What you have to do
Verbatim output of the lines below is required, with the images omitted.

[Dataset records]

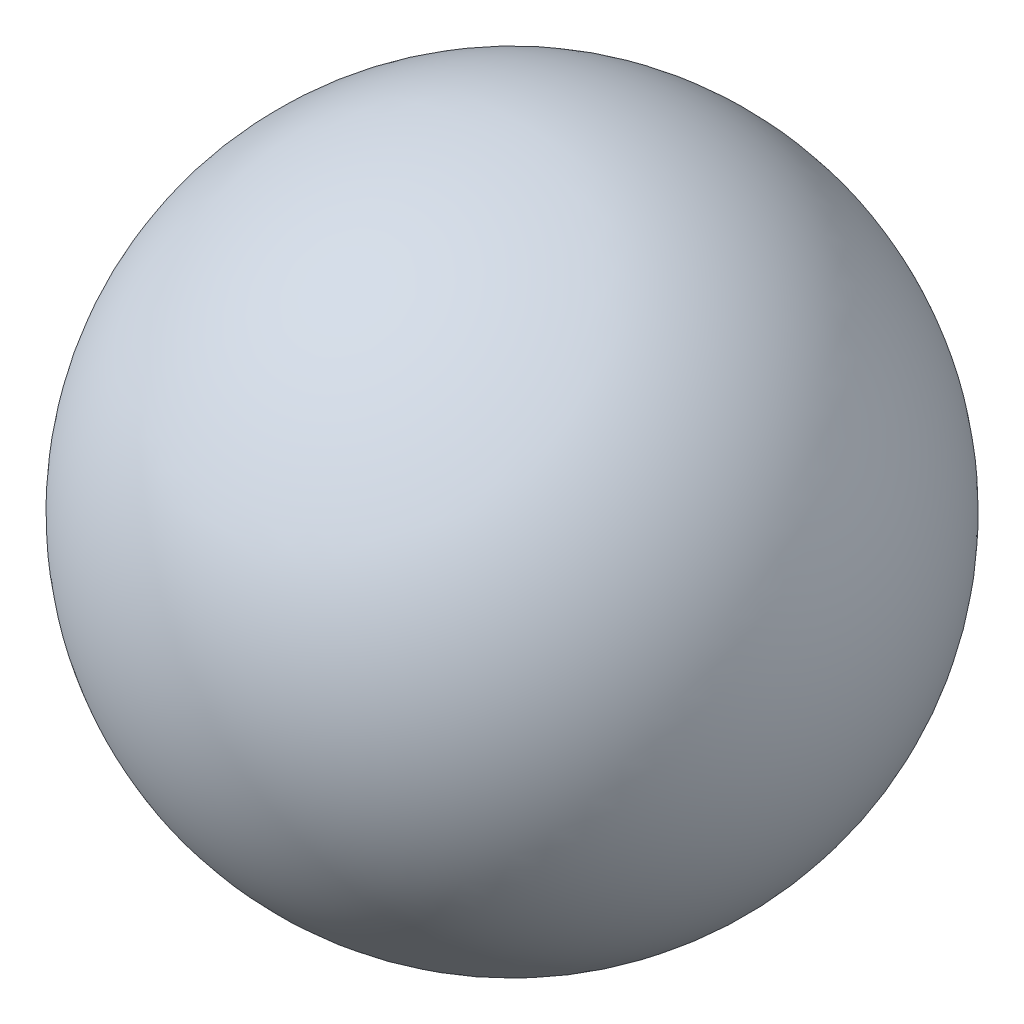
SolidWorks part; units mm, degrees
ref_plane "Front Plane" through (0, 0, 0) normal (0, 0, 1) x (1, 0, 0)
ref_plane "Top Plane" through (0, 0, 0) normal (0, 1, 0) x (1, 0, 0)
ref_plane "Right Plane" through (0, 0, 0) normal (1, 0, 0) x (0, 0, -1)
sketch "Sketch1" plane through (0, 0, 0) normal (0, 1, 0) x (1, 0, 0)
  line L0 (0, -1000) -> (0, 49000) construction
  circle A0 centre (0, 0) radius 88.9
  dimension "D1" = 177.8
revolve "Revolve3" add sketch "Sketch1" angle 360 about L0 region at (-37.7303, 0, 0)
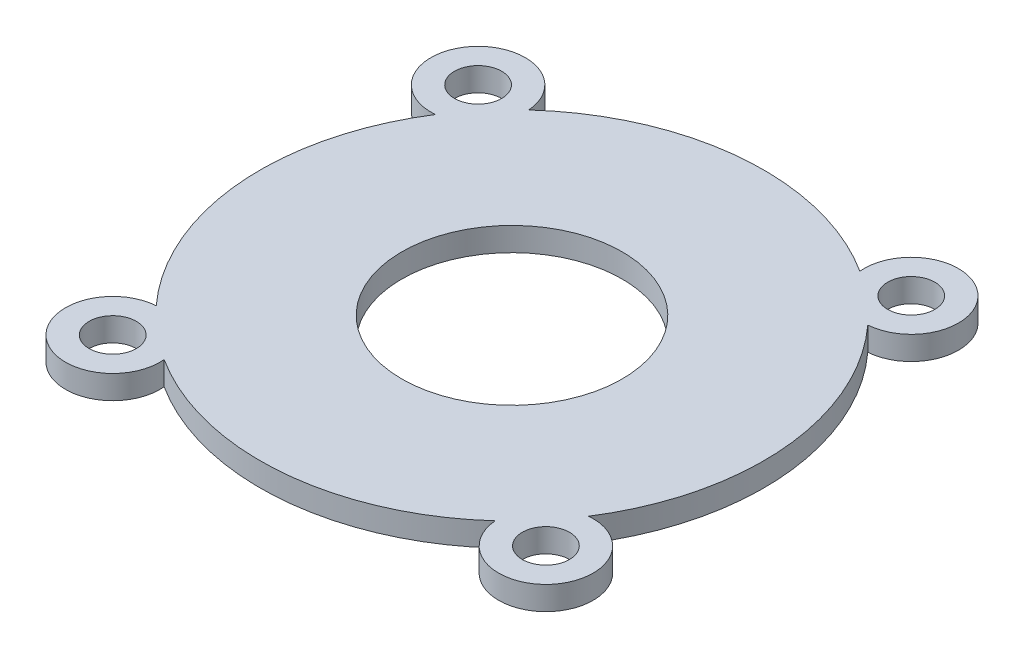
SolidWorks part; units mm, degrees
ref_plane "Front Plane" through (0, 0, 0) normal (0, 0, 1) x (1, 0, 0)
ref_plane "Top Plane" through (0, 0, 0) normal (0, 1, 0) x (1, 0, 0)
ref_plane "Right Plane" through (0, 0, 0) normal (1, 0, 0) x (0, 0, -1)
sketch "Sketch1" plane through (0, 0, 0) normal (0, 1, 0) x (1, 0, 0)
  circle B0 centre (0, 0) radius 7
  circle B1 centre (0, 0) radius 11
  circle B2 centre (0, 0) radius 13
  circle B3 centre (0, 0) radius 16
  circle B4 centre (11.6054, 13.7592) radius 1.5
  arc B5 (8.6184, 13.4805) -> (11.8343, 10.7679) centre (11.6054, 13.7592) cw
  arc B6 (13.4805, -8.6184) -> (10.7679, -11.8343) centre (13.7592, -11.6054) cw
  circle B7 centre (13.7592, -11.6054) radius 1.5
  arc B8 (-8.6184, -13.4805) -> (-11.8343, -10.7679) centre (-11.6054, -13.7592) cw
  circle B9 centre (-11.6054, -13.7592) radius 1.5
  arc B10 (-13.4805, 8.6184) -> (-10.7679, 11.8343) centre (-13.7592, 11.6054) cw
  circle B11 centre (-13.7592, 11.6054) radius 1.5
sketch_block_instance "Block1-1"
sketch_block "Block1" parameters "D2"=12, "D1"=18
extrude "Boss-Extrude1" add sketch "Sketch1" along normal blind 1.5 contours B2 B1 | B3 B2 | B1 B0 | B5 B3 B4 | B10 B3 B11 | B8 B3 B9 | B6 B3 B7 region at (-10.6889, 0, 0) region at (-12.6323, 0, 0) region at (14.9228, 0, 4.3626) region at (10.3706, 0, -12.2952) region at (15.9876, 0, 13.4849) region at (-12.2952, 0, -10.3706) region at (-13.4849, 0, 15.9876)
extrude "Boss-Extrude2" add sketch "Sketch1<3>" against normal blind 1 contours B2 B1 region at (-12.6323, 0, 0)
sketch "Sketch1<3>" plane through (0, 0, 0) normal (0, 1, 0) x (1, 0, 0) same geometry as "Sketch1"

Response to the exercise
SolidWorks part; units mm, degrees
ref_plane "Front Plane" through (0, 0, 0) normal (0, 0, 1) x (1, 0, 0)
ref_plane "Top Plane" through (0, 0, 0) normal (0, 1, 0) x (1, 0, 0)
ref_plane "Right Plane" through (0, 0, 0) normal (1, 0, 0) x (0, 0, -1)
sketch "Sketch1" plane through (0, 0, 0) normal (0, 1, 0) x (1, 0, 0)
  line L0 (0, -1000) -> (0, 49000) construction
  circle A0 centre (0, 0) radius 88.9
  dimension "D1" = 177.8
revolve "Revolve3" add sketch "Sketch1" angle 360 about L0 region at (-37.7303, 0, 0)
SolidWorks part; units mm, degrees
ref_plane "Front Plane" through (0, 0, 0) normal (0, 0, 1) x (1, 0, 0)
ref_plane "Top Plane" through (0, 0, 0) normal (0, 1, 0) x (1, 0, 0)
ref_plane "Right Plane" through (0, 0, 0) normal (1, 0, 0) x (0, 0, -1)
sketch "Sketch1" plane through (0, 0, 0) normal (0, 1, 0) x (1, 0, 0)
  circle B0 centre (0, 0) radius 7
  circle B1 centre (0, 0) radius 11
  circle B2 centre (0, 0) radius 13
  circle B3 centre (0, 0) radius 16
  circle B4 centre (11.6054, 13.7592) radius 1.5
  arc B5 (8.6184, 13.4805) -> (11.8343, 10.7679) centre (11.6054, 13.7592) cw
  arc B6 (13.4805, -8.6184) -> (10.7679, -11.8343) centre (13.7592, -11.6054) cw
  circle B7 centre (13.7592, -11.6054) radius 1.5
  arc B8 (-8.6184, -13.4805) -> (-11.8343, -10.7679) centre (-11.6054, -13.7592) cw
  circle B9 centre (-11.6054, -13.7592) radius 1.5
  arc B10 (-13.4805, 8.6184) -> (-10.7679, 11.8343) centre (-13.7592, 11.6054) cw
  circle B11 centre (-13.7592, 11.6054) radius 1.5
sketch_block_instance "Block1-1"
sketch_block "Block1" parameters "D2"=12, "D1"=18
extrude "Boss-Extrude1" add sketch "Sketch1" along normal blind 1.5 contours B2 B1 | B3 B2 | B1 B0 | B5 B3 B4 | B10 B3 B11 | B8 B3 B9 | B6 B3 B7 region at (-10.6889, 0, 0) region at (-12.6323, 0, 0) region at (14.9228, 0, 4.3626) region at (10.3706, 0, -12.2952) region at (15.9876, 0, 13.4849) region at (-12.2952, 0, -10.3706) region at (-13.4849, 0, 15.9876)
extrude "Boss-Extrude2" add sketch "Sketch1<3>" against normal blind 1 contours B2 B1 region at (-12.6323, 0, 0)
sketch "Sketch1<3>" plane through (0, 0, 0) normal (0, 1, 0) x (1, 0, 0) same geometry as "Sketch1"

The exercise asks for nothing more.